A pensarci nulla di più
facile, a farlo nulla di più difficile.
Si, perché io, suo
nipote, questo talento nel ‘portare a termine’ ciò che si inizia, con tutta la
fatica del caso, purtroppo non l’ho ereditato. Sono bravo, anzi eccezionale, a imbastire
vestiti, muovere i primi passi, aprire porte, poi appena i vestiti iniziano a
presentare i primi difetti, i primi sentieri iniziano ad essere un po’ in
salita, appena dietro qualche porta trovo qualche muro, mi fermo e mi soffermo
a fare l’inventario dei ‘se’ e dei ‘ma’, ad elencare una molteplicità di
possibilità alternative a ciò che sto vivendo.
Un talento innato
nell’iniziare, ma un’imbranataggine, altrettanto innata, nel giungere al
termine. Purtroppo condivido
questo talento con tanti giovani, come me, i quali, un po’ a causa delle mille
luci della realtà circostante, un po’ per colpa propria, vivono nell’illusione
di poter vivere mille vite possibili, di non dover per forza scegliere, di
poter prendere tutto, anzi più di tutto e in questo labirinto dove si aprono
sempre, ogni giorno, nuovi orizzonti, nuove prospettive, nessuno chiude porte,
nessuno arriva alla vetta, nessuno cuce l’ultimo bottone.

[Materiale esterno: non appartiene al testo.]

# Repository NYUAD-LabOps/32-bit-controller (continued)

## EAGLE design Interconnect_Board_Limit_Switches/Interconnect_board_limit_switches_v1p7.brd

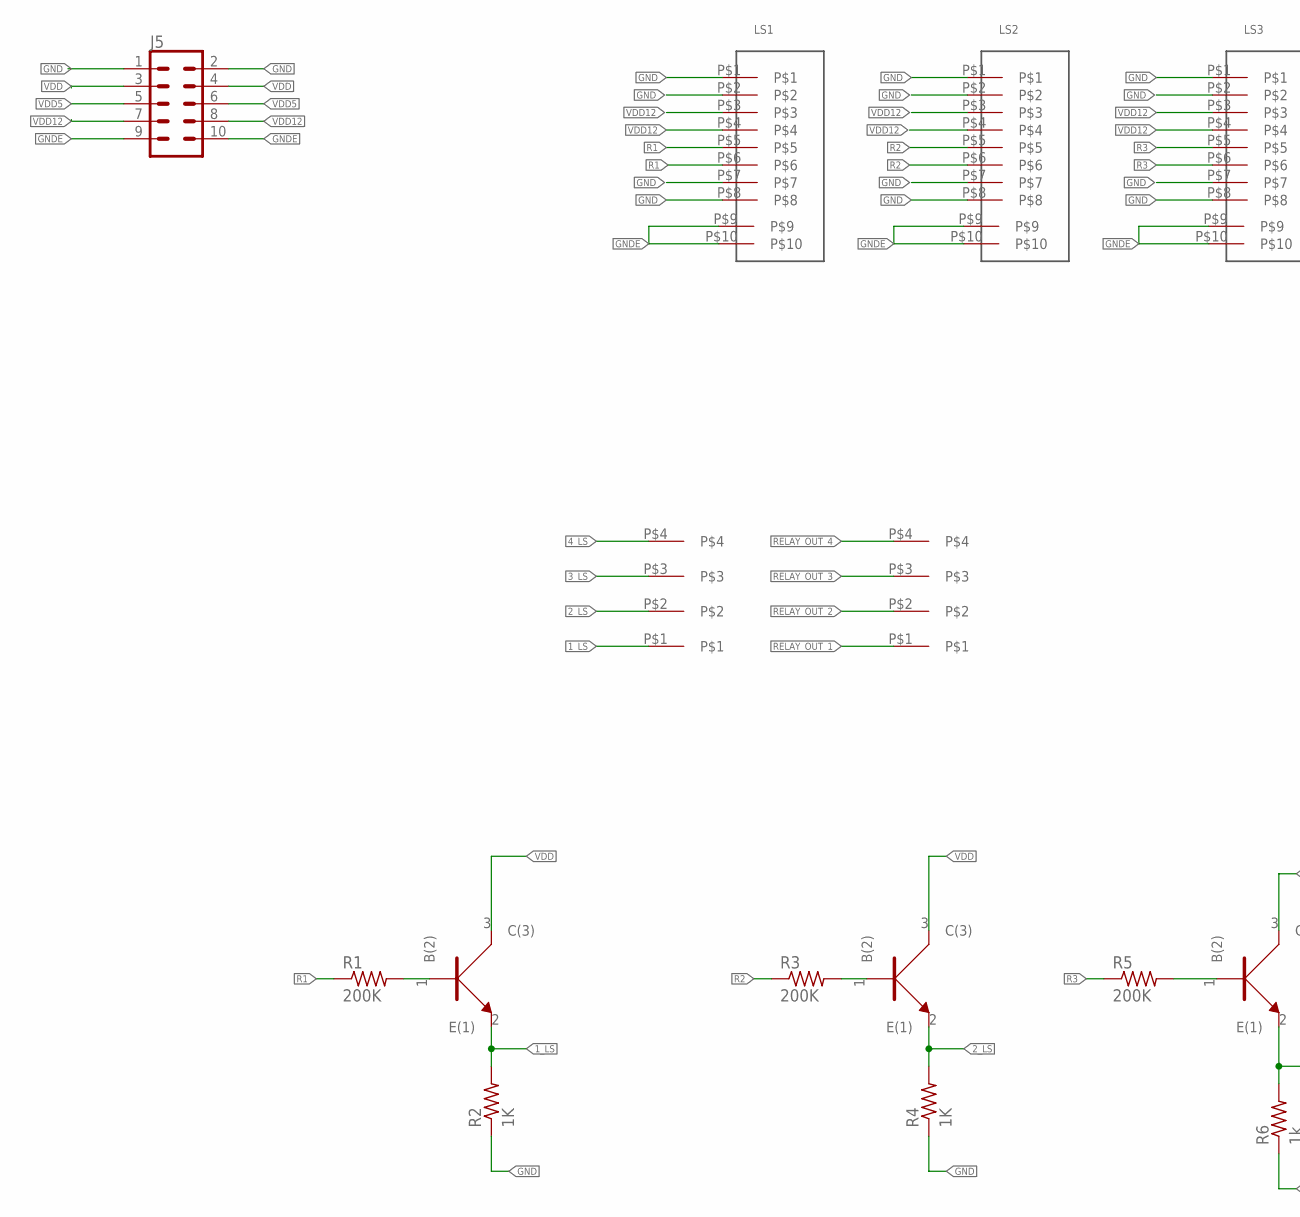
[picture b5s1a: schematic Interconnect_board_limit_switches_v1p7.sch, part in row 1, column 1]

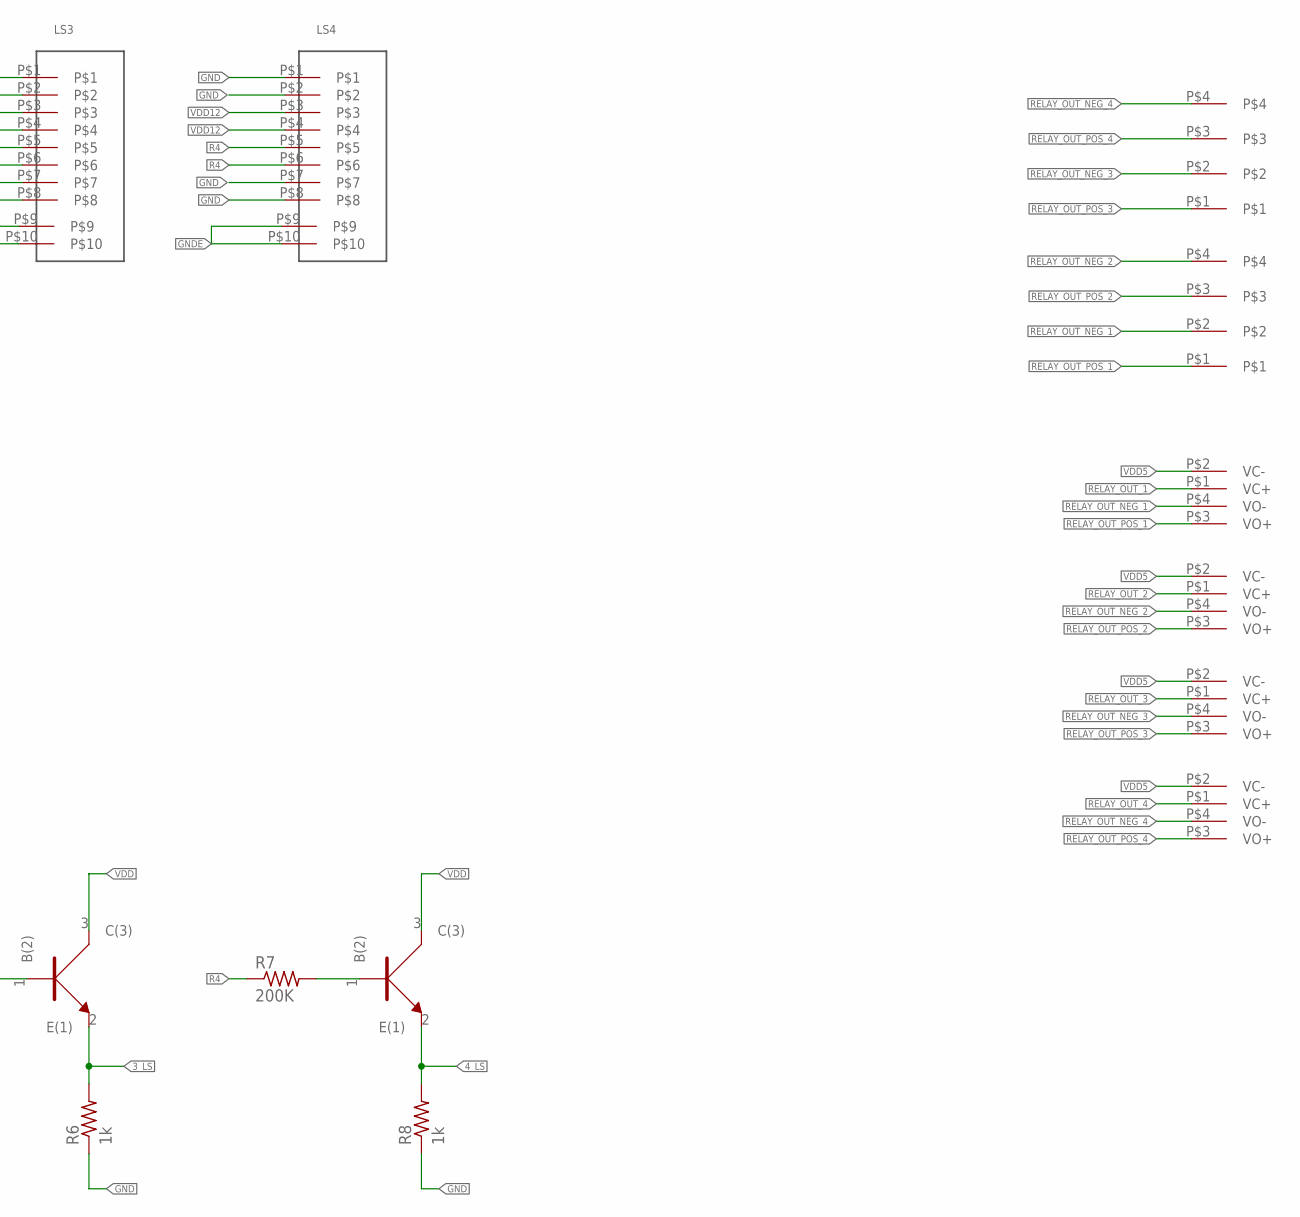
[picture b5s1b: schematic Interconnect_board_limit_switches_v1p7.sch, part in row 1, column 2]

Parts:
J1, J2, J3, J4: 3.81MM_1_X_4_RT_ANGLE_PLUG_HEADER; 1X4_3.81MM_PITCH
J5: CONN_05X2PTH; 2X5
LS1, LS2, LS3, LS4: RJ45_SMTRJ; RJ45_SMT
R1, R3, R5, R7: 200K; 0402
R2, R4: 1K; 0402
R6, R8: 1k; 0402
RELAY_1, RELAY_2, RELAY_4, RELAY_5: RELAY_KYOTO_KF0604D
U1, U2, U3, U4: BC846BW; SOT323

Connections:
1_LS: J4.P$1, R2.P$2 (2), U1.2 (E(1))
2_LS: J4.P$2, R4.P$2 (2), U2.2 (E(1))
3_LS: J4.P$3, R6.P$2 (2), U3.2 (E(1))
4_LS: J4.P$4, R8.P$2 (2), U4.2 (E(1))
GND: J5.1, J5.2, LS1.P$1, LS1.P$2, LS1.P$7, LS1.P$8, LS2.P$1, LS2.P$2, LS2.P$7, LS2.P$8, LS3.P$1, LS3.P$2, LS3.P$7, LS3.P$8, LS4.P$1, LS4.P$2, LS4.P$7, LS4.P$8, R2.P$1 (1), R4.P$1 (1), R6.P$1 (1), R8.P$1 (1)
GNDE: J5.9, J5.10, LS1.P$9, LS1.P$10, LS2.P$9, LS2.P$10, LS3.P$9, LS3.P$10, LS4.P$9, LS4.P$10
unnamed: R1.P$2 (2), U1.1 (B(2))
unnamed: R7.P$2 (2), U4.1 (B(2))
unnamed: R3.P$2 (2), U2.1 (B(2))
unnamed: R5.P$2 (2), U3.1 (B(2))
R1: LS1.P$5, LS1.P$6, R1.P$1 (1)
R2: LS2.P$5, LS2.P$6, R3.P$1 (1)
R3: LS3.P$5, LS3.P$6, R5.P$1 (1)
R4: LS4.P$5, LS4.P$6, R7.P$1 (1)
RELAY_OUT_1: J3.P$1, RELAY_1.P$1 (VC+)
RELAY_OUT_2: J3.P$2, RELAY_2.P$1 (VC+)
RELAY_OUT_3: J3.P$3, RELAY_5.P$1 (VC+)
RELAY_OUT_4: J3.P$4, RELAY_4.P$1 (VC+)
RELAY_OUT_NEG_1: J2.P$2, RELAY_1.P$4 (VO-)
RELAY_OUT_NEG_2: J2.P$4, RELAY_2.P$4 (VO-)
RELAY_OUT_NEG_3: J1.P$2, RELAY_5.P$4 (VO-)
RELAY_OUT_NEG_4: J1.P$4, RELAY_4.P$4 (VO-)
RELAY_OUT_POS_1: J2.P$1, RELAY_1.P$3 (VO+)
RELAY_OUT_POS_2: J2.P$3, RELAY_2.P$3 (VO+)
RELAY_OUT_POS_3: J1.P$1, RELAY_5.P$3 (VO+)
RELAY_OUT_POS_4: J1.P$3, RELAY_4.P$3 (VO+)
VDD: J5.3, J5.4, U1.3 (C(3)), U2.3 (C(3)), U3.3 (C(3)), U4.3 (C(3))
VDD5: J5.5, J5.6, RELAY_1.P$2 (VC-), RELAY_2.P$2 (VC-), RELAY_4.P$2 (VC-), RELAY_5.P$2 (VC-)
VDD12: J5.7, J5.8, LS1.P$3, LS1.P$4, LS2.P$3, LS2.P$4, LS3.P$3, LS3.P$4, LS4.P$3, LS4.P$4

In balia dei
possibili, ci troviamo sempre davanti ad un bivio, indecisi su quale strada
prendere e con la tentazione di volerle intraprendere entrambe. E dopo aver
scelto, a metà strada, o forse dopo i primi passi, ci sentiamo stanchi,
affaticati, diamo la colpa alla ruotine, alla quotidianità, alla mancanza di
emozioni, ai ‘non era più come l’inizio’, piano piano rallentiamo il passo e ci
fermiamo, anzi torniamo indietro al bivio. Ed iniziano una nuova via. Ed ecco
ripetersi il solito copione.
Perché vi dico tutto
questo? Perché l’ augurio che vi faccio e che mi faccio quest’anno è di avere
il coraggio di chiudere porte, di sconfiggere la tentazione di tenere mille
porte, sempre mezze aperte (chissà poi che ci facciamo), con la perenne
certezza di un via di fuga, di correre per una volta il rischio di pensare e di
vivere un ‘per sempre’, di stare di fronte ad una porta, dopo aver chiuso tutte
le altre, entrarci, percorrere il cammino fino alla fine, con tutto noi stessi,
cadute, botte, scoraggiamenti, tradimenti, con perseveranza e fedeltà. Ci è
data una sola vita da vivere, una vita presente, reale, non la sprechiamo
andando dietro a mille vite possibili che ci lasceranno sempre l’amaro in bocca
di un sogno svanito.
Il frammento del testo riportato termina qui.